Many organizations are exploring the Agile style of management in order to successfully function in today’s rapidly changing environments.  This successful mindset began in the tech world, but is now being applied to other functional areas, including HR. 

As work becomes increasingly organized project by project, management and talent systems are becoming more team focused.  For example, in filling job vacancies, a team “works on several hires at once so that managers can share information about candidates who may fit  in better other roles.”  Learning and knowledge sharing are encouraged.

Another adaptation to agile work is the use of “spot bonuses to recognize contributions when they happen rather than rely solely on annual merit-based raises.”  “Compensation works best as a motivator when it comes as soon as possible after the desired behavior.” Recognition platforms that allow for spot and immediate social recognition provide for a great avenue to drive this immediate feedback in the Agile organization. Also, the annual performance appraisal is being replaced with “more-immediate feedback throughout the year so that teams can become nimbler, “course-correct” mistakes, improve performance, and learn through iteration-all key Agile principles.”

The role of the supervisor is shifting to that of a coach.  To help supervisors learn to give better feedback as well as develop their own coaching capabilities, training with a professional coach is being provided.  Managers who experience good coaching better understand the value of it.  Building employees’ capabilities and relationships with their managers helps to increase engagement, helping the company innovate and move faster .

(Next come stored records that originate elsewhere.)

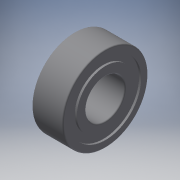
# Autodesk Inventor part: BR115ZZ
Saved by Autodesk Inventor 2018.1 (Build 221171000, 171)
## iProperties
Category: PARTsolutions
Company: MISUMI
Created: 2018-12-11
Part Number: BR115ZZ
Material: Generic
Catalog Web Link: www.cadenas.de
Description: B6 _ _ ZZ, B6 _ _ AZZ, SB6 _ _ ZZ, SB6 _ _ AZZ, BR _ _ ZZ, SBR _ _ ZZ-Small Ball Bearings - Double Shield Type
Vendor: MISUMI
Document SubType Name: Modeling
Designer: psadmin
Manufacturer: MISUMI
Mass: 0.288595 g
Surface Area: 3.73038 cm^2
Volume: 0.288595 cm^3
Density: 1 g/cm^3
Appearance: PSOLRGB-175-175-175
PSOL_IDENT_0: {$CADENAS_DATA\23d-libs\misumi\metric\12_bearing_holders\sb685zz.prj},221 {VTYP=3D},{NB=BR115ZZ},{LI
PSOL_IDENT_1: NA=BR115ZZ},{NN=B6 _ _ ZZ, B6 _ _ AZZ, SB6 _ _ ZZ, SB6 _ _ AZZ, BR _ _ ZZ, SBR _ _ ZZ},{DATE=30.03.2
PSOL_IDENT_2: 018 01:49:31},{GEOMDATE=23.07.2013 00:00:00},{VERSION=},{LINEID=440},{WBVAR=MAT},{WBNUMERIC=}  {NB=B
PSOL_IDENT_3: R115ZZ},{LINA=BR115ZZ},{KT=DUMMY},{PN=BR115ZZ},{MAT=},{BN=115ZZ},{DD=5.0},{A=3.4688},{BB=0.905},{C=1
PSOL_IDENT_4: .190},{D=11},{B=4.0},{RR=0.15},{CR=716},{COR=282},{CRS=716},{CRSS=609},{CORS=282},{CORSS=226},{DS=6.
PSOL_IDENT_5: 81},{DDHH=9.90},{R=0.15},{MASS=0.62},{X=1},{BN2=B115ZZ}
NN: B6 _ _ ZZ, B6 _ _ AZZ, SB6 _ _ ZZ, SB6 _ _ AZZ, BR _ _ ZZ, SBR _ _ ZZ
NT: Small Ball Bearings - Double Shield Type
NB: BR115ZZ
NBSYN: $PN.
LINA: BR115ZZ
PN: BR115ZZ
MAT: 52100 Bearing Steel
BN: 115ZZ
DD: 5
D: 11
B: 4
RR: 0.15
CR: 716
COR: 282
DS: 6.81
DDHH: 9.9
R: 0.15
MASS: 0.62
X: 1
SUPPLIER: MISUMI
ARTICLENO: BR115ZZ
BOMINFO: BR115ZZ
CREATOR: CADENAS GmbH
Title: BR115ZZ
Author: Cadenas PARTsolutions
Comments: Small Ball Bearings - Double Shield Type
Autodesk Inventor part; units mm, degrees
ref_plane "YZ Plane" through (0, 0, 0) normal (1, 0, 0) x (0, 1, 0)
ref_plane "XZ Plane" through (0, 0, 0) normal (0, 1, 0) x (-1, 0, 0)
ref_plane "XY Plane" through (0, 0, 0) normal (0, 0, 1) x (1, 0, 0)
sketch "Sketch_1" plane through (0, 0, 0) normal (0, 0, 1) x (1, 0, 0)
  line L0 (3.85, 0) -> (0.15, 0)
  arc A0 (0, 2.65) -> (0.15, 2.5) centre (0.15, 2.65) ccw
  line L1 (0.15, 2.5) -> (3.85, 2.5)
  arc A1 (3.85, 2.5) -> (4, 2.65) centre (3.85, 2.65) ccw
  line L2 (4, 2.65) -> (4, 3.69)
  line L3 (4, 3.69) -> (3.7344, 3.69)
  line L4 (3.7344, 3.69) -> (3.7344, 4.595)
  line L5 (3.7344, 4.595) -> (4, 4.595)
  line L6 (4, 4.595) -> (4, 5.35)
  arc A2 (4, 5.35) -> (3.85, 5.5) centre (3.85, 5.35) ccw
  line L7 (3.85, 5.5) -> (0.15, 5.5)
  arc A3 (0.15, 5.5) -> (0, 5.35) centre (0.15, 5.35) ccw
  line L8 (0, 5.35) -> (0, 4.595)
  line L9 (0, 4.595) -> (0.2656, 4.595)
  line L10 (0.2656, 4.595) -> (0.2656, 3.69)
  line L11 (0.2656, 3.69) -> (0, 3.69)
  line L12 (0, 3.69) -> (0, 2.65)
  constraints: 26 end point, 8 point on circle, 4 centre point
revolve "Revolution1" add sketch "Sketch_1" angle 360 about axis through (3.85, 0, 0) along (1, 0, 0)
ref_plane "to_housing_XY" through (0, 0, 0) normal (1, 0, 0) x (0, 0, -1)
ref_plane "to_housing_YZ" through (0, 0, 0) normal (0, 0, -1) x (0, 1, 0)
ref_plane "to_housing_ZX" through (0, 0, 0) normal (0, 1, 0) x (1, 0, 0)
ref_plane "to_housing_center_XY" through (2, 0, 0) normal (1, 0, 0) x (0, 0, -1)
ref_plane "to_housing_center_YZ" through (2, 0, 0) normal (0, 0, -1) x (0, 1, 0)
ref_plane "to_housing_center_ZX" through (2, 0, 0) normal (0, 1, 0) x (1, 0, 0)
body "Solid1"

“Companies that are adopting agile talent practices are giving a lot of thought to how employees experience the workplace.”  According to Diane Gherson, CHRO at IBM, “we started with the belief that if people felt great about working with us, our clients would too.”  “We’ve found that employee engagement explains two-thirds of our client experience scores.  And if we’re able to increase client satisfaction by five points on an account, we see an extra 20% in revenue, on average.  That’s the business case for change.”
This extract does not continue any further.